By Mark Holan, editorial director, ARTBA
In what has become one of the most symbolic infrastructure patch-up projects in the nation, federal officials June 18 are set to open bid packages to repair the Arlington Memorial Bridge.
Two lanes of the 1930s-era span over the Potomac River in the Nation’s Capital were closed in May as the National Park Service, the bridge owner, moved up the repair schedule to July from September. New weight limits also were imposed on the bridge, forcing the rerouting of tourist buses traveling between Arlington National Cemetery and the Lincoln Memorial.
“The structure is in poor condition overall due to continuing problems related to corrosion of the steel in the bascule span, deterioration of the concrete in the arch spans, and deterioration of the sidewalks and wearing surface,” the Federal Highway Administration said in an April 24, 2013 inspection report.
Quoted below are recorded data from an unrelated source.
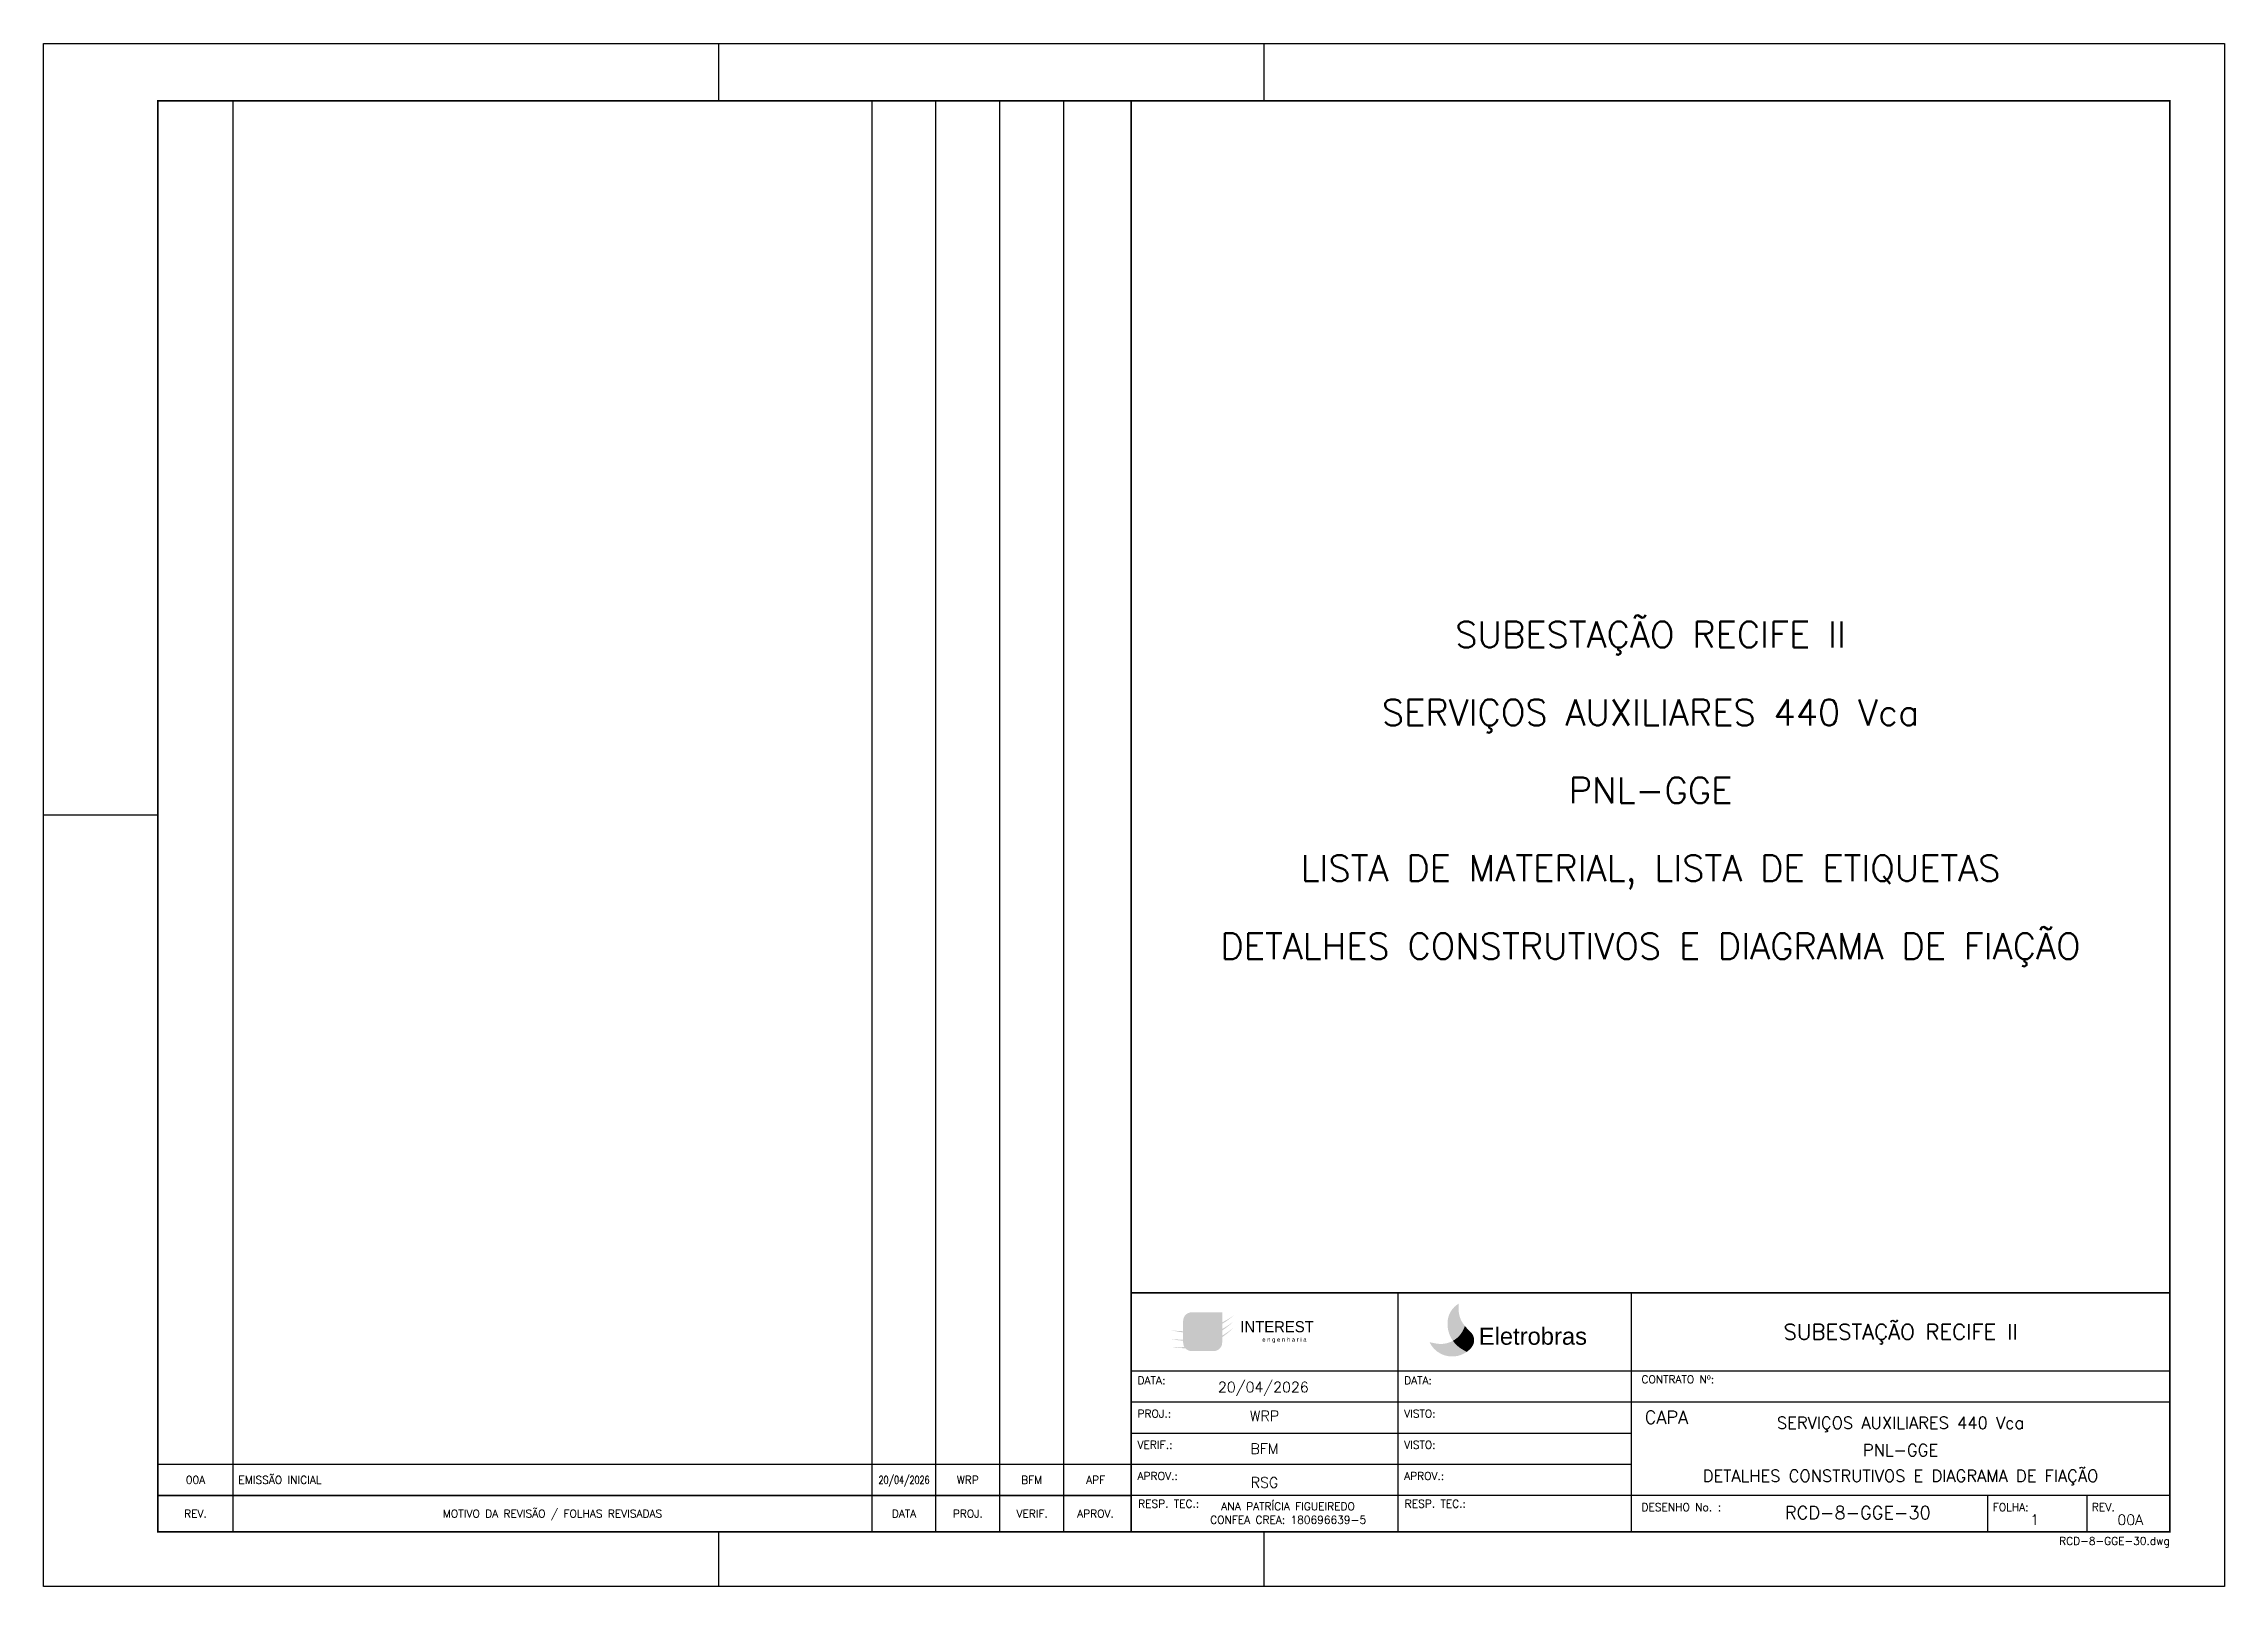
# Model space of a CAD drawing. Header units: millimetres. Extents: x 0 to 420, y 0 to 297.
import ezdxf
from ezdxf.enums import TextEntityAlignment as Align

# ---------------------------------------------------------------- set-up
doc = ezdxf.new("R2010")
doc.units = ezdxf.units.MM
doc.layers.add('1', color=7, linetype='Continuous')
doc.styles.add('Romans', font='romans.shx')
doc.styles.add('swis721ltexbt', font='swissel.ttf')
doc.styles.add('TÍTULO', font='bgothm.ttf')

# ---------------------------------------------------------------- blocks, each defined once
blk = doc.blocks.new('A$C5481322F')
at = {"layer": '1'}
h = blk.add_hatch(color=30, dxfattribs=at)
h.set_gradient(color1=(5, 5, 5), color2=(133, 133, 133), tint=1, name='SPHERICAL')
edge = h.paths.add_edge_path()
edge.add_arc((-15.25139679755011, 9.673077310067356), 12.83597686203685, 258.065647103654, 316.1711348147143, ccw=False)
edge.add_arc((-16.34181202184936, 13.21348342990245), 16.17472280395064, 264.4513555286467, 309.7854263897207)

The Washington Post referred to the bridge’s interior as a “corroded carcass.” The same story also quoted U.S. Rep. Don Beyer (D-Va.) as saying the bridge “is not just the symbol, but the reality, of failed leadership” in Congress to deal with infrastructure investment. Other federal lawmakers and U.S. Transportation Secretary Anthony Foxx have made similar remarks.
The bridge lane closure coincided with Congress passing a two-month extension of the authority for the U.S. DOT to spend money from the Highway Trust Fund, the 33rd such short-term patch in recent years. Now Congress faces a July 31 deadline to address the trust fund’s spending authority and revenue problems, just as the bridge repair work gets underway.
Earlier this year ARTBA identified the Arlington Memorial Bridge as among more than 61,000 deficient bridges nationwide. With more than 60,000 daily crossings, it is the most heavily travelled span in Washington, D.C.
The bid solicitation says the bridge work includes structural concrete, steel, and timber member repair or replacement, installation of additional elastomeric bearing pads, expansion joint repair or replacement, debris removal from bascule span truss members, trunnion posts, and the bottom of the trunnion areas. The roadway work includes concrete sidewalk repairs, drainage improvements and ultra-thin bonded asphalt overlay.
The repairs are expected to take at least six months and cost up to $5 million, a fraction of the estimated $250 million needed to completely overhaul the 83-year-old bridge, which is listed on the National Register of Historic Places.